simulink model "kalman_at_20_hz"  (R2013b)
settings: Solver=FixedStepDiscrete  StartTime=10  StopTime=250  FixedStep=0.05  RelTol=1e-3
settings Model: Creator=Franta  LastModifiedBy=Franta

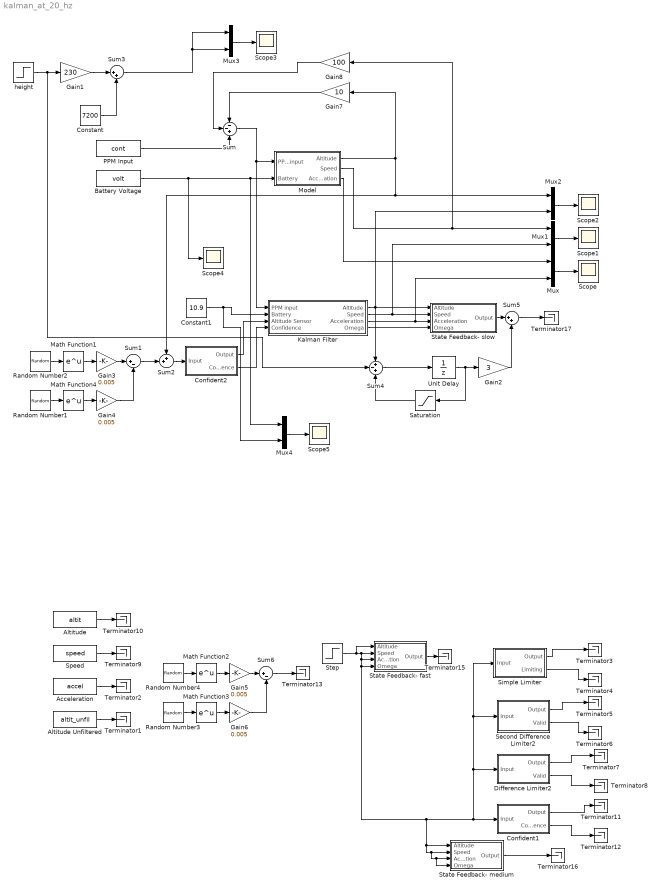
== system kalman_at_20_hz ==
  Acceleration : FromWorkspace  VariableName=accel  SampleTime=0  OutputAfterFinalValue=Holding final value
  Altitude : FromWorkspace  VariableName=altit  SampleTime=0  OutputAfterFinalValue=Holding final value
  Altitude Unfiltered : FromWorkspace  VariableName=altit_unfil  SampleTime=0  OutputAfterFinalValue=Holding final value
  Battery Voltage : FromWorkspace  VariableName=volt  SampleTime=0  OutputAfterFinalValue=Holding final value
  Confident1 : Subsystem
  Confident2 : Subsystem
  Constant : Constant  Value=7200
  Constant1 : Constant  Value=10.9
  Difference Limiter2 : Subsystem
  Gain1 : Gain  Gain=230
  Gain2 : Gain  Gain=3
  Gain{3..6} (4 alike) : Gain  Gain=0.005
  Gain7 : Gain  Gain=10
  Gain8 : Gain  Gain=100
  Kalman Filter : Subsystem
  Math Function{1..4} (4 alike) : Math  SaturateOnIntegerOverflow=on
  Model : Subsystem
  Mux{,1..4} (5 alike) : Mux  Inputs=2
  PPM Input : FromWorkspace  VariableName=cont  SampleTime=0  OutputAfterFinalValue=Holding final value
  Random Number1 : RandomNumber  Variance=4  Seed=1  SampleTime=0.05
  Random Number2 : RandomNumber  Variance=4  SampleTime=0.05
  Random Number3 : RandomNumber  Variance=4  Seed=1  SampleTime=0.05
  Random Number4 : RandomNumber  Variance=4  SampleTime=0.05
  Saturation : Saturate  UpperLimit=100  LowerLimit=-100
  Scope{,1..5} (6 alike) : Scope
      Scope settings: YMin=0  YMax=47.5
      Scope1 settings: TimeRange=50
      Scope2 settings: SaveName=ScopeData2
      Scope3 settings: SaveName=ScopeData3
      Scope4 settings: SaveName=ScopeData4
      Scope5 settings: SaveName=ScopeData5
  Second Difference Limiter2 : Subsystem
  Simple Limiter : Subsystem
  Speed : FromWorkspace  VariableName=speed  SampleTime=0  OutputAfterFinalValue=Holding final value
  State Feedback- fast : Subsystem
  State Feedback- medium : Subsystem
  State Feedback- slow : Subsystem
  Step : Step  Time=150  SampleTime=0
  Sum : Sum  Inputs=--+
  Sum1 : Sum  Inputs=|+-
  Sum2 : Sum  Inputs=++|
  Sum3 : Sum  Inputs=|++
  Sum4 : Sum  Inputs=+-+
  Sum5 : Sum  Inputs=|++
  Sum6 : Sum  Inputs=|+-
  Terminator{1..13,15..17} (16 alike) : Terminator
  Unit Delay : UnitDelay  SampleTime=-1
  height : Step  Time=225  SampleTime=0
  wires:
  Mux/1 -> Scope/1
  Mux1/1 -> Scope1/1
  Mux2/1 -> Scope2/1
  Battery Voltage/1 -> Scope4/1, Mux4/1, Model/2(Battery)
  Kalman Filter/3(Acceleration) -> Mux/2, State Feedback- slow/3(Acceleration)
  Simple Limiter/1(Output) -> Terminator3/1
  Simple Limiter/2(Limiting) -> Terminator4/1
  Second Difference Limiter2/1(Output) -> Terminator5/1
  Second Difference Limiter2/2(Valid) -> Terminator6/1
  Difference Limiter2/1(Output) -> Terminator7/1
  Difference Limiter2/2(Valid) -> Terminator8/1
  Kalman Filter/1(Altitude) -> Mux2/2, State Feedback- slow/1(Altitude), Sum4/1
  Kalman Filter/2(Speed) -> Mux1/2, State Feedback- slow/2(Speed)
  Confident1/1(Output) -> Terminator11/1
  Confident1/2(Confidence) -> Terminator12/1
  Confident2/1(Output) -> Kalman Filter/3(Altitude Sensor)
  Confident2/2(Confidence) -> Kalman Filter/4(Confidence)
  Mux3/1 -> Scope3/1
  height/1 -> Sum4/2, Gain1/1
  Gain1/1 -> Sum3/1
  Constant/1 -> Sum3/2
  Step/1 -> State Feedback- fast/3(Acceleration), State Feedback- fast/4(Omega), State Feedback- medium/4(Omega), State Feedback- medium/3(Acceleration), State Feedback- medium/2(Speed), State Feedback- medium/1(Altitude), Simple Limiter/1(Input), Second Difference Limiter2/1(Input), Difference Limiter2/1(Input), Confident1/1(Input), State Feedback- fast/2(Speed), State Feedback- fast/1(Altitude)
  Sum4/1 -> Unit Delay/1
  State Feedback- medium/1(Output) -> Terminator16/1
  Unit Delay/1 -> Gain2/1, Saturation/1
  Gain2/1 -> Sum5/2
  State Feedback- slow/1(Output) -> Sum5/1
  State Feedback- fast/1(Output) -> Terminator15/1
  Kalman Filter/4(Omega) -> State Feedback- slow/4(Omega)
  Model/1(Altitude) -> Gain7/1, Mux2/1, Sum2/1
  Model/2(Speed) -> Gain8/1, Mux1/1
  Model/3(Acceleration) -> Mux/1
  Altitude Unfiltered/1 -> Terminator1/1
  Sum2/1 -> Confident2/1(Input)
  Sum1/1 -> Sum2/2
  Random Number4/1 -> Math Function2/1
  Math Function2/1 -> Gain5/1
  Random Number3/1 -> Math Function3/1
  Math Function3/1 -> Gain6/1
  Gain6/1 -> Sum6/2
  Gain5/1 -> Sum6/1
  Sum6/1 -> Terminator13/1
  Acceleration/1 -> Terminator2/1
  Speed/1 -> Terminator9/1
  Altitude/1 -> Terminator10/1
  Random Number2/1 -> Math Function1/1
  Math Function1/1 -> Gain3/1
  Random Number1/1 -> Math Function4/1
  Math Function4/1 -> Gain4/1
  Gain4/1 -> Sum1/2
  Gain3/1 -> Sum1/1
  Saturation/1 -> Sum4/3
  Sum5/1 -> Terminator17/1
  Sum3/1 -> Mux3/2, Mux3/1
  Sum/1 -> Kalman Filter/1(PPM input), Model/1(PPM input)
  Gain7/1 -> Sum/1
  PPM Input/1 -> Sum/3
  Gain8/1 -> Sum/2
  Constant1/1 -> Mux4/2, Kalman Filter/2(Battery)
  Mux4/1 -> Scope5/1

== system kalman_at_20_hz/Confident1 ==
  Input : Inport
  MATLAB Function : MATLAB Function  TreatAsAtomicUnit=on
  Threshold : Constant  Value=0.35
  Unit Delay : UnitDelay  InitialCondition=0.5  SampleTime=-1
  Unit Delay1 : UnitDelay  SampleTime=-1
  Output : Outport
  Confidence : Outport  Port=2
  wires:
  Unit Delay1/1 -> MATLAB Function/4(cycles)
  MATLAB Function/3(cyclesBlind) -> Unit Delay1/1
  MATLAB Function/2(confidence) -> Confidence/1
  Unit Delay/1 -> MATLAB Function/3(lastGood)
  MATLAB Function/1(good) -> Unit Delay/1
  Threshold/1 -> MATLAB Function/2(threshold)
  Input/1 -> MATLAB Function/1(input), Output/1

== system kalman_at_20_hz/Confident2 ==
  Input : Inport
  MATLAB Function : MATLAB Function  TreatAsAtomicUnit=on
  Threshold : Constant  Value=0.35
  Unit Delay : UnitDelay  InitialCondition=0.5  SampleTime=-1
  Unit Delay1 : UnitDelay  SampleTime=-1
  Output : Outport
  Confidence : Outport  Port=2
  wires:
  Input/1 -> Output/1, MATLAB Function/1(input)
  Threshold/1 -> MATLAB Function/2(threshold)
  MATLAB Function/1(good) -> Unit Delay/1
  Unit Delay/1 -> MATLAB Function/3(lastGood)
  MATLAB Function/2(confidence) -> Confidence/1
  MATLAB Function/3(cyclesBlind) -> Unit Delay1/1
  Unit Delay1/1 -> MATLAB Function/4(cycles)

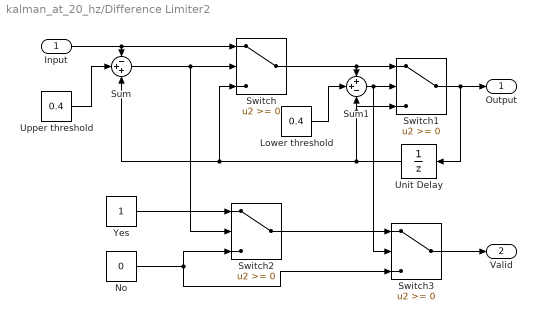
== system kalman_at_20_hz/Difference Limiter2 ==
  Input : Inport
  Lower threshold : Constant  Value=0.4
  No : Constant  Value=0
  Sum : Sum  Inputs=-++
  Sum1 : Sum  Inputs=++-
  Switch{,1..3} (4 alike) : Switch
  Unit Delay : UnitDelay  InitialCondition=1  SampleTime=-1
  Upper threshold : Constant  Value=0.4
  Yes : Constant
  Output : Outport
  Valid : Outport  Port=2
  wires:
  Lower threshold/1 -> Sum1/2
  Switch/1 -> Switch1/1, Sum1/1
  Switch1/1 -> Unit Delay/1, Output/1
  Upper threshold/1 -> Sum/2
  Input/1 -> Switch/1, Sum/1
  Unit Delay/1 -> Sum/3, Switch/3, Switch1/3, Sum1/3
  Sum/1 -> Switch2/2, Switch/2
  Sum1/1 -> Switch3/2, Switch1/2
  Yes/1 -> Switch2/1
  No/1 -> Switch2/3, Switch3/3
  Switch2/1 -> Switch3/1
  Switch3/1 -> Valid/1

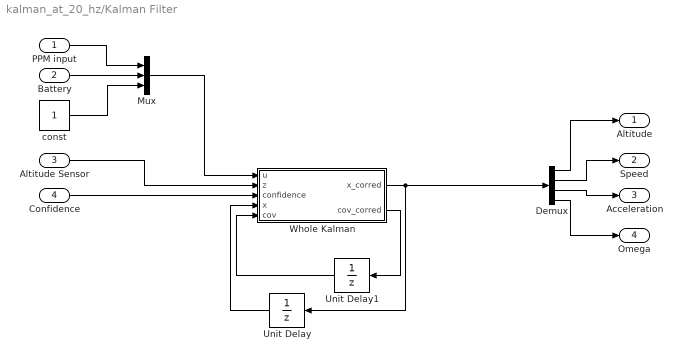
== system kalman_at_20_hz/Kalman Filter ==
  PPM input : Inport
  Battery : Inport  Port=2
  Altitude Sensor : Inport  Port=3
  Confidence : Inport  Port=4
  Demux : Demux
  Mux : Mux  Inputs=3
  Unit Delay : UnitDelay  InitialCondition=[0 0 0 0]'  SampleTime=-1
  Unit Delay1 : UnitDelay  InitialCondition=[1 0 0 0; 0 1 0 0; 0 0 1 0; 0 0 0 1]  SampleTime=-1
  Whole Kalman : MATLAB Function  TreatAsAtomicUnit=on
  const : Constant
  Altitude : Outport
  Speed : Outport  Port=2
  Acceleration : Outport  Port=3
  Omega : Outport  Port=4
  wires:
  Whole Kalman/1(x_corred) -> Demux/1, Unit Delay/1
  Mux/1 -> Whole Kalman/1(u)
  PPM input/1 -> Mux/1
  Battery/1 -> Mux/2
  const/1 -> Mux/3
  Demux/2 -> Speed/1
  Demux/3 -> Acceleration/1
  Demux/1 -> Altitude/1
  Demux/4 -> Omega/1
  Unit Delay1/1 -> Whole Kalman/5(cov)
  Whole Kalman/2(cov_corred) -> Unit Delay1/1
  Unit Delay/1 -> Whole Kalman/4(x)
  Confidence/1 -> Whole Kalman/3(confidence)
  Altitude Sensor/1 -> Whole Kalman/2(z)

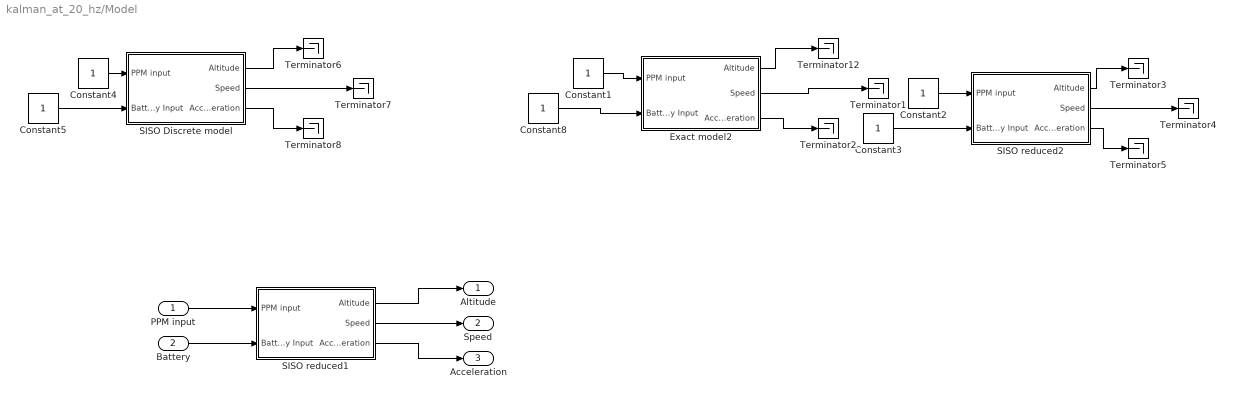
== system kalman_at_20_hz/Model ==
  PPM input : Inport
  Battery : Inport  Port=2
  Constant{1..5,8} (6 alike) : Constant
  Exact model2 : Subsystem
  SISO Discrete model : Subsystem
  SISO reduced1 : Subsystem
  SISO reduced2 : Subsystem
  Terminator{1..8,12} (9 alike) : Terminator
  Altitude : Outport
  Speed : Outport  Port=2
  Acceleration : Outport  Port=3
  wires:
  SISO reduced2/1(Altitude) -> Terminator3/1
  SISO reduced2/2(Speed) -> Terminator4/1
  SISO reduced2/3(Acceleration) -> Terminator5/1
  Constant3/1 -> SISO reduced2/2(Battery Input)
  Constant2/1 -> SISO reduced2/1(PPM input)
  SISO Discrete model/1(Altitude) -> Terminator6/1
  SISO Discrete model/2(Speed) -> Terminator7/1
  SISO Discrete model/3(Acceleration) -> Terminator8/1
  Constant5/1 -> SISO Discrete model/2(Battery Input)
  Constant4/1 -> SISO Discrete model/1(PPM input)
  Constant8/1 -> Exact model2/2(Battery Input)
  Constant1/1 -> Exact model2/1(PPM input)
  Exact model2/1(Altitude) -> Terminator12/1
  Exact model2/2(Speed) -> Terminator1/1
  Exact model2/3(Acceleration) -> Terminator2/1
  PPM input/1 -> SISO reduced1/1(PPM input)
  Battery/1 -> SISO reduced1/2(Battery Input)
  SISO reduced1/1(Altitude) -> Altitude/1
  SISO reduced1/2(Speed) -> Speed/1
  SISO reduced1/3(Acceleration) -> Acceleration/1

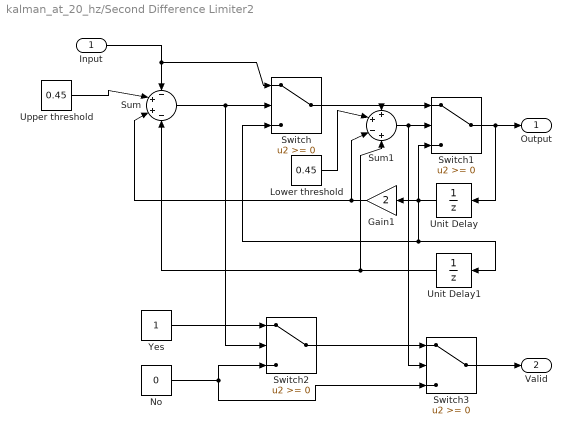
== system kalman_at_20_hz/Second Difference Limiter2 ==
  Input : Inport
  Gain1 : Gain  Gain=2
  Lower threshold : Constant  Value=0.45
  No : Constant  Value=0
  Sum : Sum  Inputs=-++-
  Sum1 : Sum  Inputs=++-+
  Switch{,1..3} (4 alike) : Switch
  Unit Delay : UnitDelay  InitialCondition=1  SampleTime=-1
  Unit Delay1 : UnitDelay  InitialCondition=1  SampleTime=-1
  Upper threshold : Constant  Value=0.45
  Yes : Constant
  Output : Outport
  Valid : Outport  Port=2
  wires:
  Gain1/1 -> Sum1/3, Sum/3
  Switch3/1 -> Valid/1
  Switch2/1 -> Switch3/1
  No/1 -> Switch3/3, Switch2/3
  Yes/1 -> Switch2/1
  Sum1/1 -> Switch1/2, Switch3/2
  Sum/1 -> Switch2/2, Switch/2
  Unit Delay/1 -> Gain1/1, Switch1/3, Unit Delay1/1, Switch/3
  Input/1 -> Switch/1, Sum/1
  Upper threshold/1 -> Sum/2
  Switch1/1 -> Output/1, Unit Delay/1
  Switch/1 -> Switch1/1, Sum1/1
  Lower threshold/1 -> Sum1/2
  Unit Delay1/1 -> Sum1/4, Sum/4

----

#### Task statement
Look over the entries above and tally the lines containing the string "Whole"; the answer is that total only.

#### Output below
8